When asked to participate in Konrad Fischer’s museum exhibition "Konzeption/Conception" (1969) at Museum Morsbroich, Polke suggested he make a film in which he scratches himself and uses a pendulum. The resulting film Der ganze Körper fühlt sich leicht und möchte fliegen (The Whole Body Feels Light and Wants to Fly) (1969), made in collaboration with Christof Kohlhöfer, is a 35-minute piece in which, Polke scratches himself and uses a pendulum. He also reads from the esoteric 19th-century grimoires The Sixth and Seventh Books of Moses (almost inaudibly as he keeps giggling all the time) and poses as the letter X, with parallel lines of white string connecting the legs of his trousers with the arms of his shirt.[23]

Commissioned works

For the reopening of the Reichstag in Berlin in 1999, Polke created a series of large, three-dimensional lightboxes. Lighted from behind, images seen through the grooved surfaces of these lightboxes change as the viewer moves past them.[22] Drawing on his early glass-painting training, Polke realized a series of stained-glass windows for the Grossmünster cathedral in Zurich between 2006 and 2009.

Exhibitions

Polke had his first one-person show at Galerie René Block, West Berlin, in 1966, and in 1970 he had his first solo exhibition at Galerie Michael Werner, which would subsequently represent the artist for the rest of his life.[24] His first solo exhibition in New York, of paintings made at least a decade earlier, was at the Holly Solomon Gallery in SoHo in 1982.[25]Following a 1987 show at the Milwaukee Art Museum grouping Warhol, Beuys and Polke, the Museum of Contemporary Art, Chicago mounted a solo show for Polke in 1991. Polke exhibited at three documenta and several Venice Biennial exhibitions.

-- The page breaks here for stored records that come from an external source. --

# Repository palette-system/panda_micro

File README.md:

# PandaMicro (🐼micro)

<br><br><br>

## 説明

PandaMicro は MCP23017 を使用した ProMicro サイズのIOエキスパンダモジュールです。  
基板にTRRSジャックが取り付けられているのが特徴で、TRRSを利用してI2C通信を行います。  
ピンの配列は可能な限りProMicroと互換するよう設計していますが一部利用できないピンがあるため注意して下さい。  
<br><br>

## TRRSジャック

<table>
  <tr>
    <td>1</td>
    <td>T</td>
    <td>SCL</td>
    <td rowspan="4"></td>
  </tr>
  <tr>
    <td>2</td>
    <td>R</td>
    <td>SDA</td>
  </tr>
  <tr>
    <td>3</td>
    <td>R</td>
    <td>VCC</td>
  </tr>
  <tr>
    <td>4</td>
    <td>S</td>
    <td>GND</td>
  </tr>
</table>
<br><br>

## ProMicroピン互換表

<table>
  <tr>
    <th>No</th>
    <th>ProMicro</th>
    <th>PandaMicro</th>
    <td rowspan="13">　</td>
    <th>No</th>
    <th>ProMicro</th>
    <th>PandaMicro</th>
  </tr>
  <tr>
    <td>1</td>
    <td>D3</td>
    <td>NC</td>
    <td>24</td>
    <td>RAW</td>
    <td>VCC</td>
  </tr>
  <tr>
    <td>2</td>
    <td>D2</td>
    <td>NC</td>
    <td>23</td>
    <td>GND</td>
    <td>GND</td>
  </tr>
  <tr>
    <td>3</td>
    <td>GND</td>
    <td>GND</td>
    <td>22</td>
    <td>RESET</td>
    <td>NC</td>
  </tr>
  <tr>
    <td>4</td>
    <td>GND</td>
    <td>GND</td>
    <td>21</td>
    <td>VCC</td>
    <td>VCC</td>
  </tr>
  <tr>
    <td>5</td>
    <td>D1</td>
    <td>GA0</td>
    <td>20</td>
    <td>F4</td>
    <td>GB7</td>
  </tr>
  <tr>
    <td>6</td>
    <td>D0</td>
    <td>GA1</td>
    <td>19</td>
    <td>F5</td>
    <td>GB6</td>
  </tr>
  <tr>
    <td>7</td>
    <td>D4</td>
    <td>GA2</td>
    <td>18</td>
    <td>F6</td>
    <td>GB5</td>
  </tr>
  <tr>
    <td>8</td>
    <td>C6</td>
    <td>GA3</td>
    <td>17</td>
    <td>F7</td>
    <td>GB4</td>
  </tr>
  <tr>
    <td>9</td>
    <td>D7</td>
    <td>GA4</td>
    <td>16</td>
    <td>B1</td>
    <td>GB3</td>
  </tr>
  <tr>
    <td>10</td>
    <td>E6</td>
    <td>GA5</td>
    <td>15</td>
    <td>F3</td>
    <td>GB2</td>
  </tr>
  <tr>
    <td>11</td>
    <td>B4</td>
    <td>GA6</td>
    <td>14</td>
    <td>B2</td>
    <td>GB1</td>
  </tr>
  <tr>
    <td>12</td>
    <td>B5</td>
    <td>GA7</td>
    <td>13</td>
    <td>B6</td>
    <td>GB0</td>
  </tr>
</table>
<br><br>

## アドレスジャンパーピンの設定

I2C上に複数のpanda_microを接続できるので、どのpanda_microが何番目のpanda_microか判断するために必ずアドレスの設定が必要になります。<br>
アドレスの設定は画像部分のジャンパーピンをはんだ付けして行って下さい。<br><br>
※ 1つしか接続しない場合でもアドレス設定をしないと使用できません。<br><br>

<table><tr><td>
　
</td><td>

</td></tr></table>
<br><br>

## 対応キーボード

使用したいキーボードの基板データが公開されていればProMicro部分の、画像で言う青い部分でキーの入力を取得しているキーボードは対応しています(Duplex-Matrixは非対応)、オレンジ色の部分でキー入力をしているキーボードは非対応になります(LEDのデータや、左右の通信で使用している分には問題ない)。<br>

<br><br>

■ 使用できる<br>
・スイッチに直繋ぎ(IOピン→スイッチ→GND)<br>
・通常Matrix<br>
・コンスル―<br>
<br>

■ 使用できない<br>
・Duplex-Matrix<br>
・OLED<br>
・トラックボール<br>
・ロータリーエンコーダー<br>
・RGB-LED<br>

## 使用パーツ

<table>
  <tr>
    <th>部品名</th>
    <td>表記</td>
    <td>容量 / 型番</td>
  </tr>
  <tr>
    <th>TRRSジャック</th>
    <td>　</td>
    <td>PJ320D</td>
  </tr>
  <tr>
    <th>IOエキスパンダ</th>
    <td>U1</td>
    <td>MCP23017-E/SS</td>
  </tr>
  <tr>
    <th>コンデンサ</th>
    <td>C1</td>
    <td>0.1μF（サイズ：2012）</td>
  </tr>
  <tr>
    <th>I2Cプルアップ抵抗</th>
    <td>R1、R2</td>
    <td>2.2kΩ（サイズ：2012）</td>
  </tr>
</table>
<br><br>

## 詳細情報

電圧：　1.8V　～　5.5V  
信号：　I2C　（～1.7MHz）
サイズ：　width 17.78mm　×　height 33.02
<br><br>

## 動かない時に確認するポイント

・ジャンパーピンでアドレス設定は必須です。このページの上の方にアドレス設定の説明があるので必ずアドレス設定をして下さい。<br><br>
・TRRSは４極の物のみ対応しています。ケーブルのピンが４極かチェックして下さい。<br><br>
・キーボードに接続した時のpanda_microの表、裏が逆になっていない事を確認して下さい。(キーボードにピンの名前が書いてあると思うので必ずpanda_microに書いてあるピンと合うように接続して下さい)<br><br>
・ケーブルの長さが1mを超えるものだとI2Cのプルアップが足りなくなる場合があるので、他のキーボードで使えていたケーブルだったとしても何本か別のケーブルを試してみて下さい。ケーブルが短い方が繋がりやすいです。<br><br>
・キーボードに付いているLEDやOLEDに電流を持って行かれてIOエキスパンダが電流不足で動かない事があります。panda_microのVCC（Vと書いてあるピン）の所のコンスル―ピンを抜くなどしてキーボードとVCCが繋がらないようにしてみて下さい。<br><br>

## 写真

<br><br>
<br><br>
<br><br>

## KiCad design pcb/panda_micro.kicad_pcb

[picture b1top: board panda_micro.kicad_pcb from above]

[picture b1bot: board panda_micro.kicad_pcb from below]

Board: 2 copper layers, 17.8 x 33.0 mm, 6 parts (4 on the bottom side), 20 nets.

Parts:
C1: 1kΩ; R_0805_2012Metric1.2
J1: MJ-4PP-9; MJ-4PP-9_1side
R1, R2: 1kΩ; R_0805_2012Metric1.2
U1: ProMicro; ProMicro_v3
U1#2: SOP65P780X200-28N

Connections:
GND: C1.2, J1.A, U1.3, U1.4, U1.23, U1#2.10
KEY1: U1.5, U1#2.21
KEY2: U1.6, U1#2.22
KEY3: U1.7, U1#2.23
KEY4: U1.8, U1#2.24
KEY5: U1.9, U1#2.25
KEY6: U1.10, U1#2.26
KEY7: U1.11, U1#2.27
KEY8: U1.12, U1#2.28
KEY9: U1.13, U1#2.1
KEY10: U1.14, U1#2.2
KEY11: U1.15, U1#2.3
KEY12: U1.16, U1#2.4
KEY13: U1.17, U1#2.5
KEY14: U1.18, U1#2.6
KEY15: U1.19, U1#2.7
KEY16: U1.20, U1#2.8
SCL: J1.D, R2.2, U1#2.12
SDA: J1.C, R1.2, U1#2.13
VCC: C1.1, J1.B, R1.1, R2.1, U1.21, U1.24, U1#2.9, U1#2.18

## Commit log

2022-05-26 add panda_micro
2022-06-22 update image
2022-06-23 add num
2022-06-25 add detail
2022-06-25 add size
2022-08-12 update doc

By the latter years of his life, Polke's artistic achievements were being recognised in large-scale exhibitions around the world, with solo shows at Tate Modern in 2003–2004, Tokyo's Ueno Royal Museum in 2005 and the Getty Center in Los Angeles in 2007.[26] In 2007, Vienna's "Museum Moderner Kunst" (MUMOK) held an exhibition of Polke's work entitled "Sigmar Polke: Retrospektive" that spanned his career from his appropriations of Pop imagery and continuing through decades of perplexing compositions and clever critiques to arrive at current works that employ a haze of chemicals, minerals, and paints.[27] Also in 2007, Axial Age (2005–2007), a monumental cycle of paintings, was shown for the first time at the 2007 Venice Biennale, with the wish explicitly expressed by the artist that the work should remain on display in Venice.[28] Polke is scheduled to have a retrospective "Alibis: Sigmar Polke 1963–2010" shown at The Museum of Modern Art in New York, from 19 April to 3 August 2014, then travels to Tate Modern, London, United Kingdom and Museum Ludwig, Cologne, Germany.[29]

Legacy

Through his numerous high-profile exhibitions, Polke exerted an international influence, affecting somewhat younger artists such as his compatriots Martin Kippenberger and Albert Oehlen, Lara Schnitger from the Netherlands, the Americans Richard Prince, Julian Schnabel and David Salle, and the Swiss duo Fischli & Weiss.[30][31] The artist John Baldessari described Polke as an "artist’s artist".[32] Today, Polke is often grouped with Gerhard Richter because both came of age and experimented in West Germany in the 1960s.